___ SOURCE DATA

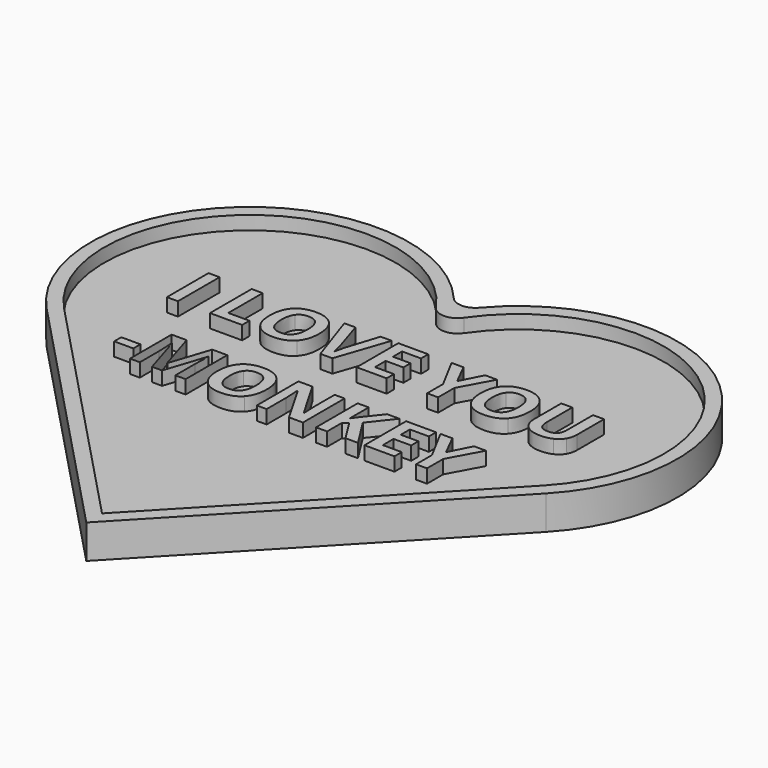
from build123d import *

# Parameters (mm, degrees)
F1_DEPTH = 6.35
F3_W     = 3.5821151422
F3_H     = 1.6672419106
F3_W_2   = 2.0685754307
F3_H_2   = 9.7536853901
F4_DEPTH = 2.54
F5_R     = 3.175


with BuildPart() as f1:
    # F0 (on Top) → F1 (new body)
    with BuildSketch(Plane.XY):
        with BuildLine():
            ThreePointArc((46.753659514, -0.1822602755), (43.5326765205, 43.8575319835), (0, 36.4559032023))
            ThreePointArc((0, 36.4559032023), (-43.5326765205, 43.8575319835), (-46.753659514, -0.1822602755))
            Line((-46.753659514, -0.1822602755), (0, -49.3640825152))
            Line((0, -49.3640825152), (46.753659514, -0.1822602755))
        make_face()
    extrude(amount=F1_DEPTH)

    # F3 (on face) + F2 (on face) → F4 (cut)
    with BuildSketch(Plane.XY.offset(6.35)):
        with BuildLine():
            ThreePointArc((44.9127391314, 1.5677717657), (40.1008944892, 43.1971539593), (0, 31.0284411329))
            ThreePointArc((0, 31.0284411329), (-40.1008944892, 43.1971539593), (-44.9127391314, 1.5677717657))
            Line((-44.9127391314, 1.5677717657), (0, -45.6775214418))
            Line((0, -45.6775214418), (44.9127391314, 1.5677717657))
        make_face()
        with Locations((-30.868062532, -1.1698335161)):
            Rectangle(F3_W, F3_H, mode=Mode.SUBTRACT)
        with BuildLine():
            Line((-21.4196467875, -4.832001887), (-23.3153072441, -4.832001887))
            Line((-23.3153072441, -4.832001887), (-25.6635352873, 2.8189520281))
            Line((-25.6635352873, 2.8189520281), (-25.7233083647, 2.8189520281))
            add(Edge.make_bspline(
                [(-25.7233083647, 2.8189520281), (-25.5952231988, 0.4856672543), (-25.5952231988, -0.2956522582)],
                knots=[0, 0, 0, 1, 1, 1], degree=2))
            Line((-25.5952231988, -0.2956522582), (-25.5952231988, -4.832001887))
            Line((-25.5952231988, -4.832001887), (-27.4439190945, -4.832001887))
            Line((-27.4439190945, -4.832001887), (-27.4439190945, 4.9216835031))
            Line((-27.4439190945, 4.9216835031), (-24.6281801955, 4.9216835031))
            Line((-24.6281801955, 4.9216835031), (-22.3205124549, -2.537142663))
            Line((-22.3205124549, -2.537142663), (-22.2799521524, -2.537142663))
            Line((-22.2799521524, -2.537142663), (-19.8313907292, 4.9216835031))
            Line((-19.8313907292, 4.9216835031), (-17.017786583, 4.9216835031))
            Line((-17.017786583, 4.9216835031), (-17.017786583, -4.832001887))
            Line((-17.017786583, -4.832001887), (-18.9454683311, -4.832001887))
            Line((-18.9454683311, -4.832001887), (-18.9454683311, -0.2145316531))
            add(Edge.make_bspline(
                [(-18.9454683311, -0.2145316531), (-18.9454683311, 0.1120855202), (-18.9347945673, 0.5390360735)],
                knots=[0, 0, 0, 1, 1, 1], degree=2))
            add(Edge.make_bspline(
                [(-18.9347945673, 0.5390360735), (-18.9241208035, 0.9659866268), (-18.8451349511, 2.8061435115)],
                knots=[0, 0, 0, 1, 1, 1], degree=2))
            Line((-18.8451349511, 2.8061435115), (-18.9049080286, 2.8061435115))
            Line((-18.9049080286, 2.8061435115), (-21.4196467875, -4.832001887))
        make_face(mode=Mode.SUBTRACT)
        with BuildLine():
            add(Edge.make_bspline(
                [(-6.9011932226, 3.7806581494), (-5.7100011789, 2.4859305966), (-5.7100011789, 0.058716701)],
                knots=[0, 0, 0, 1, 1, 1], degree=2))
            add(Edge.make_bspline(
                [(-5.7100011789, 0.058716701), (-5.7100011789, -2.3642276889), (-6.91079961, -3.6653595001)],
                knots=[0, 0, 0, 1, 1, 1], degree=2))
            add(Edge.make_bspline(
                [(-6.91079961, -3.6653595001), (-8.1115980412, -4.9664913113), (-10.353088446, -4.9664913113)],
                knots=[0, 0, 0, 1, 1, 1], degree=2))
            add(Edge.make_bspline(
                [(-10.353088446, -4.9664913113), (-12.5945788508, -4.9664913113), (-13.795377282, -3.6653595001)],
                knots=[0, 0, 0, 1, 1, 1], degree=2))
            add(Edge.make_bspline(
                [(-13.795377282, -3.6653595001), (-14.9961757131, -2.3642276889), (-14.9961757131, 0.0715252176)],
                knots=[0, 0, 0, 1, 1, 1], degree=2))
            add(Edge.make_bspline(
                [(-14.9961757131, 0.0715252176), (-14.9961757131, 2.5072781242), (-13.7921751528, 3.7913319133)],
                knots=[0, 0, 0, 1, 1, 1], degree=2))
            add(Edge.make_bspline(
                [(-13.7921751528, 3.7913319133), (-12.5881745925, 5.0753857023), (-10.3402799294, 5.0753857023)],
                knots=[0, 0, 0, 1, 1, 1], degree=2))
            add(Edge.make_bspline(
                [(-10.3402799294, 5.0753857023), (-8.0923852663, 5.0753857023), (-6.9011932226, 3.7806581494)],
                knots=[0, 0, 0, 1, 1, 1], degree=2))
        make_face(mode=Mode.SUBTRACT)
        with BuildLine():
            Line((4.9637626536, 4.9216835031), (4.9637626536, -4.832001887))
            Line((4.9637626536, -4.832001887), (2.3358819981, -4.832001887))
            Line((2.3358819981, -4.832001887), (-1.9080065017, 2.545703674))
            Line((-1.9080065017, 2.545703674), (-1.9677795792, 2.545703674))
            add(Edge.make_bspline(
                [(-1.9677795792, 2.545703674), (-1.8396944132, 0.5924048927), (-1.8396944132, -0.242283439)],
                knots=[0, 0, 0, 1, 1, 1], degree=2))
            Line((-1.8396944132, -0.242283439), (-1.8396944132, -4.832001887))
            Line((-1.8396944132, -4.832001887), (-3.688390309, -4.832001887))
            Line((-3.688390309, -4.832001887), (-3.688390309, 4.9216835031))
            Line((-3.688390309, 4.9216835031), (-1.0797224283, 4.9216835031))
            Line((-1.0797224283, 4.9216835031), (3.1556270604, -2.3834404638))
            Line((3.1556270604, -2.3834404638), (3.2025916213, -2.3834404638))
            add(Edge.make_bspline(
                [(3.2025916213, -2.3834404638), (3.1022582412, -0.4813757489), (3.1022582412, 0.3042132692)],
                knots=[0, 0, 0, 1, 1, 1], degree=2))
            Line((3.1022582412, 0.3042132692), (3.1022582412, 4.9216835031))
            Line((3.1022582412, 4.9216835031), (4.9637626536, 4.9216835031))
        make_face(mode=Mode.SUBTRACT)
        Polygon((11.835531809, 0.6052134093), (15.2639447519, -4.832001887), (12.9157167088, -4.832001887), (10.3604176473, -0.7226028115), (9.4873037658, -1.3502201248), (9.4873037658, -4.832001887), (7.4187283351, -4.832001887), (7.4187283351, 4.9216835031), (9.4873037658, 4.9216835031), (9.4873037658, 0.4579154684), (10.3006445698, 1.6064124568), (12.9434684948, 4.9216835031), (15.2383277187, 4.9216835031), align=None, mode=Mode.SUBTRACT)
        Polygon((22.1079621213, -3.1241996738), (22.1079621213, -4.832001887), (16.4914275927, -4.832001887), (16.4914275927, 4.9216835031), (22.1079621213, 4.9216835031), (22.1079621213, 3.2266898065), (18.5600030234, 3.2266898065), (18.5600030234, 1.0855327817), (21.8624655532, 1.0855327817), (21.8624655532, -0.6094609149), (18.5600030234, -0.6094609149), (18.5600030234, -3.1241996738), align=None, mode=Mode.SUBTRACT)
        Polygon((25.1563890719, 4.9216835031), (27.1779999417, 0.9062135493), (29.2124193282, 4.9216835031), (31.4411012164, 4.9216835031), (28.2048160224, -1.0364114682), (28.2048160224, -4.832001887), (26.1511838611, -4.832001887), (26.1511838611, -1.1025888039), (22.9148986671, 4.9216835031), align=None, mode=Mode.SUBTRACT)
        with Locations((-34.3551811761, 18.6257288876)):
            Rectangle(F3_W_2, F3_H_2, mode=Mode.SUBTRACT)
        Polygon((-21.2915616215, 13.7488861926), (-27.3158339285, 13.7488861926), (-27.3158339285, 23.5025715827), (-25.2472584978, 23.5025715827), (-25.2472584978, 15.4566884058), (-21.2915616215, 15.4566884058), align=None, mode=Mode.SUBTRACT)
        with BuildLine():
            add(Edge.make_bspline(
                [(-11.934940246, 22.361546229), (-10.7437482023, 21.0668186761), (-10.7437482023, 18.6396047806)],
                knots=[0, 0, 0, 1, 1, 1], degree=2))
            add(Edge.make_bspline(
                [(-10.7437482023, 18.6396047806), (-10.7437482023, 16.2166603906), (-11.9445466334, 14.9155285795)],
                knots=[0, 0, 0, 1, 1, 1], degree=2))
            add(Edge.make_bspline(
                [(-11.9445466334, 14.9155285795), (-13.1453450646, 13.6143967683), (-15.3868354694, 13.6143967683)],
                knots=[0, 0, 0, 1, 1, 1], degree=2))
            add(Edge.make_bspline(
                [(-15.3868354694, 13.6143967683), (-17.6283258742, 13.6143967683), (-18.8291243053, 14.9155285795)],
                knots=[0, 0, 0, 1, 1, 1], degree=2))
            add(Edge.make_bspline(
                [(-18.8291243053, 14.9155285795), (-20.0299227365, 16.2166603906), (-20.0299227365, 18.6524132972)],
                knots=[0, 0, 0, 1, 1, 1], degree=2))
            add(Edge.make_bspline(
                [(-20.0299227365, 18.6524132972), (-20.0299227365, 21.0881662038), (-18.8259221762, 22.3722199928)],
                knots=[0, 0, 0, 1, 1, 1], degree=2))
            add(Edge.make_bspline(
                [(-18.8259221762, 22.3722199928), (-17.6219216159, 23.6562737819), (-15.3740269528, 23.6562737819)],
                knots=[0, 0, 0, 1, 1, 1], degree=2))
            add(Edge.make_bspline(
                [(-15.3740269528, 23.6562737819), (-13.1261322897, 23.6562737819), (-11.934940246, 22.361546229)],
                knots=[0, 0, 0, 1, 1, 1], degree=2))
        make_face(mode=Mode.SUBTRACT)
        with BuildLine():
            Line((-5.0055327659, 17.6981788106), (-3.1589716229, 23.5025715827))
            Line((-3.1589716229, 23.5025715827), (-1.0711834173, 23.5025715827))
            Line((-1.0711834173, 23.5025715827), (-4.3864544636, 13.7488861926))
            Line((-4.3864544636, 13.7488861926), (-6.6407533851, 13.7488861926))
            Line((-6.6407533851, 13.7488861926), (-9.9496201731, 23.5025715827))
            Line((-9.9496201731, 23.5025715827), (-7.8618319675, 23.5025715827))
            Line((-7.8618319675, 23.5025715827), (-6.0259445883, 17.6981788106))
            add(Edge.make_bspline(
                [(-6.0259445883, 17.6981788106), (-5.8743771419, 17.1837033939), (-5.7100011789, 16.5005825086)],
                knots=[0, 0, 0, 1, 1, 1], degree=2))
            add(Edge.make_bspline(
                [(-5.7100011789, 16.5005825086), (-5.5456252158, 15.8174616233), (-5.507199666, 15.5506175275)],
                knots=[0, 0, 0, 1, 1, 1], degree=2))
            add(Edge.make_bspline(
                [(-5.507199666, 15.5506175275), (-5.4324833192, 16.1632915715), (-5.0055327659, 17.6981788106)],
                knots=[0, 0, 0, 1, 1, 1], degree=2))
        make_face(mode=Mode.SUBTRACT)
        Polygon((5.7728339521, 15.4566884058), (5.7728339521, 13.7488861926), (0.1562994235, 13.7488861926), (0.1562994235, 23.5025715827), (5.7728339521, 23.5025715827), (5.7728339521, 21.8075778861), (2.2248748542, 21.8075778861), (2.2248748542, 19.6664208613), (5.527337384, 19.6664208613), (5.527337384, 17.9714271647), (2.2248748542, 17.9714271647), (2.2248748542, 15.4566884058), align=None, mode=Mode.SUBTRACT)
        Polygon((12.3713547533, 23.5025715827), (14.3929656232, 19.4871016289), (16.4273850097, 23.5025715827), (18.6560668979, 23.5025715827), (15.4197817039, 17.5444766114), (15.4197817039, 13.7488861926), (13.3661495425, 13.7488861926), (13.3661495425, 17.4782992756), (10.1298643485, 23.5025715827), align=None, mode=Mode.SUBTRACT)
        with BuildLine():
            add(Edge.make_bspline(
                [(27.5451774176, 22.361546229), (28.7363694613, 21.0668186761), (28.7363694613, 18.6396047806)],
                knots=[0, 0, 0, 1, 1, 1], degree=2))
            add(Edge.make_bspline(
                [(28.7363694613, 18.6396047806), (28.7363694613, 16.2166603906), (27.5355710301, 14.9155285795)],
                knots=[0, 0, 0, 1, 1, 1], degree=2))
            add(Edge.make_bspline(
                [(27.5355710301, 14.9155285795), (26.334772599, 13.6143967683), (24.0932821942, 13.6143967683)],
                knots=[0, 0, 0, 1, 1, 1], degree=2))
            add(Edge.make_bspline(
                [(24.0932821942, 13.6143967683), (21.8517917893, 13.6143967683), (20.6509933582, 14.9155285795)],
                knots=[0, 0, 0, 1, 1, 1], degree=2))
            add(Edge.make_bspline(
                [(20.6509933582, 14.9155285795), (19.450194927, 16.2166603906), (19.450194927, 18.6524132972)],
                knots=[0, 0, 0, 1, 1, 1], degree=2))
            add(Edge.make_bspline(
                [(19.450194927, 18.6524132972), (19.450194927, 21.0881662038), (20.6541954873, 22.3722199928)],
                knots=[0, 0, 0, 1, 1, 1], degree=2))
            add(Edge.make_bspline(
                [(20.6541954873, 22.3722199928), (21.8581960476, 23.6562737819), (24.1060907108, 23.6562737819)],
                knots=[0, 0, 0, 1, 1, 1], degree=2))
            add(Edge.make_bspline(
                [(24.1060907108, 23.6562737819), (26.3539853739, 23.6562737819), (27.5451774176, 22.361546229)],
                knots=[0, 0, 0, 1, 1, 1], degree=2))
        make_face(mode=Mode.SUBTRACT)
        with BuildLine():
            Line((36.6349546973, 23.5025715827), (38.6971258697, 23.5025715827))
            Line((38.6971258697, 23.5025715827), (38.6971258697, 17.1922424049))
            add(Edge.make_bspline(
                [(38.6971258697, 17.1922424049), (38.6971258697, 16.1099227523), (38.2136043681, 15.2965819483)],
                knots=[0, 0, 0, 1, 1, 1], degree=2))
            add(Edge.make_bspline(
                [(38.2136043681, 15.2965819483), (37.7300828665, 14.4832411442), (36.8153413061, 14.0488189563)],
                knots=[0, 0, 0, 1, 1, 1], degree=2))
            add(Edge.make_bspline(
                [(36.8153413061, 14.0488189563), (35.9005997456, 13.6143967683), (34.65390413, 13.6143967683)],
                knots=[0, 0, 0, 1, 1, 1], degree=2))
            add(Edge.make_bspline(
                [(34.65390413, 13.6143967683), (32.7731869427, 13.6143967683), (31.7324949691, 14.5793050187)],
                knots=[0, 0, 0, 1, 1, 1], degree=2))
            add(Edge.make_bspline(
                [(31.7324949691, 14.5793050187), (30.6918029954, 15.5442132692), (30.6918029954, 17.2178594381)],
                knots=[0, 0, 0, 1, 1, 1], degree=2))
            Line((30.6918029954, 17.2178594381), (30.6918029954, 23.5025715827))
            Line((30.6918029954, 23.5025715827), (32.7518394151, 23.5025715827))
            Line((32.7518394151, 23.5025715827), (32.7518394151, 17.5316680948))
            add(Edge.make_bspline(
                [(32.7518394151, 17.5316680948), (32.7518394151, 16.4045186341), (33.2054743779, 15.8772347008)],
                knots=[0, 0, 0, 1, 1, 1], degree=2))
            add(Edge.make_bspline(
                [(33.2054743779, 15.8772347008), (33.6591093408, 15.3499507674), (34.7072729492, 15.3499507674)],
                knots=[0, 0, 0, 1, 1, 1], degree=2))
            add(Edge.make_bspline(
                [(34.7072729492, 15.3499507674), (35.7212805133, 15.3499507674), (36.1781176053, 15.8804368299)],
                knots=[0, 0, 0, 1, 1, 1], degree=2))
            add(Edge.make_bspline(
                [(36.1781176053, 15.8804368299), (36.6349546973, 16.4109228924), (36.6349546973, 17.5444766114)],
                knots=[0, 0, 0, 1, 1, 1], degree=2))
            Line((36.6349546973, 17.5444766114), (36.6349546973, 23.5025715827))
        make_face(mode=Mode.SUBTRACT)
        with BuildLine():
            add(Edge.make_bspline(
                [(-17.2344639888, 21.1031094731), (-17.8610139257, 20.272690647), (-17.8610139257, 18.6396047806)],
                knots=[0, 0, 0, 1, 1, 1], degree=2))
            add(Edge.make_bspline(
                [(-17.8610139257, 18.6396047806), (-17.8610139257, 17.0043841615), (-17.2408682471, 16.1771674645)],
                knots=[0, 0, 0, 1, 1, 1], degree=2))
            add(Edge.make_bspline(
                [(-17.2408682471, 16.1771674645), (-16.6207225684, 15.3499507674), (-15.3868354694, 15.3499507674)],
                knots=[0, 0, 0, 1, 1, 1], degree=2))
            add(Edge.make_bspline(
                [(-15.3868354694, 15.3499507674), (-12.912657013, 15.3499507674), (-12.912657013, 18.6396047806)],
                knots=[0, 0, 0, 1, 1, 1], degree=2))
            add(Edge.make_bspline(
                [(-12.912657013, 18.6396047806), (-12.912657013, 21.9335282993), (-15.3740269528, 21.9335282993)],
                knots=[0, 0, 0, 1, 1, 1], degree=2))
            add(Edge.make_bspline(
                [(-15.3740269528, 21.9335282993), (-16.6079140518, 21.9335282993), (-17.2344639888, 21.1031094731)],
                knots=[0, 0, 0, 1, 1, 1], degree=2))
        make_face()
        with BuildLine():
            add(Edge.make_bspline(
                [(22.2456536748, 21.1031094731), (21.6191037378, 20.272690647), (21.6191037378, 18.6396047806)],
                knots=[0, 0, 0, 1, 1, 1], degree=2))
            add(Edge.make_bspline(
                [(21.6191037378, 18.6396047806), (21.6191037378, 17.0043841615), (22.2392494165, 16.1771674645)],
                knots=[0, 0, 0, 1, 1, 1], degree=2))
            add(Edge.make_bspline(
                [(22.2392494165, 16.1771674645), (22.8593950951, 15.3499507674), (24.0932821942, 15.3499507674)],
                knots=[0, 0, 0, 1, 1, 1], degree=2))
            add(Edge.make_bspline(
                [(24.0932821942, 15.3499507674), (26.5674606505, 15.3499507674), (26.5674606505, 18.6396047806)],
                knots=[0, 0, 0, 1, 1, 1], degree=2))
            add(Edge.make_bspline(
                [(26.5674606505, 18.6396047806), (26.5674606505, 21.9335282993), (24.1060907108, 21.9335282993)],
                knots=[0, 0, 0, 1, 1, 1], degree=2))
            add(Edge.make_bspline(
                [(24.1060907108, 21.9335282993), (22.8722036117, 21.9335282993), (22.2456536748, 21.1031094731)],
                knots=[0, 0, 0, 1, 1, 1], degree=2))
        make_face()
    with BuildSketch(Plane.XY.offset(6.35)):
        with BuildLine():
            add(Edge.make_bspline(
                [(-12.0418901448, 2.497742511), (-12.6684400818, 1.6673236849), (-12.6684400818, 0.0342378185)],
                knots=[0, 0, 0, 1, 1, 1], degree=2))
            add(Edge.make_bspline(
                [(-12.6684400818, 0.0342378185), (-12.6684400818, -1.6009828006), (-12.0482944031, -2.4281994977)],
                knots=[0, 0, 0, 1, 1, 1], degree=2))
            add(Edge.make_bspline(
                [(-12.0482944031, -2.4281994977), (-11.4281487245, -3.2554161947), (-10.1942616254, -3.2554161947)],
                knots=[0, 0, 0, 1, 1, 1], degree=2))
            add(Edge.make_bspline(
                [(-10.1942616254, -3.2554161947), (-7.7200831691, -3.2554161947), (-7.7200831691, 0.0342378185)],
                knots=[0, 0, 0, 1, 1, 1], degree=2))
            add(Edge.make_bspline(
                [(-7.7200831691, 0.0342378185), (-7.7200831691, 3.3281613372), (-10.1814531088, 3.3281613372)],
                knots=[0, 0, 0, 1, 1, 1], degree=2))
            add(Edge.make_bspline(
                [(-10.1814531088, 3.3281613372), (-11.4153402079, 3.3281613372), (-12.0418901448, 2.497742511)],
                knots=[0, 0, 0, 1, 1, 1], degree=2))
        make_face()
    extrude(amount=-F4_DEPTH, mode=Mode.SUBTRACT)

    # F5
    f5_edges = [f1.edges().sort_by_distance(p)[0] for p in [
        (0, 36.455903, 3.175),
        (0, 31.028441, 5.08),
    ]]
    fillet(f5_edges, radius=F5_R)


solid = f1.part

______

* WHAT THE TASK ASKS
Go through the records and gather the lines that hold "Rectangle".

* EXPECTED ANSWER
            Rectangle(F3_W, F3_H, mode=Mode.SUBTRACT)
            Rectangle(F3_W_2, F3_H_2, mode=Mode.SUBTRACT)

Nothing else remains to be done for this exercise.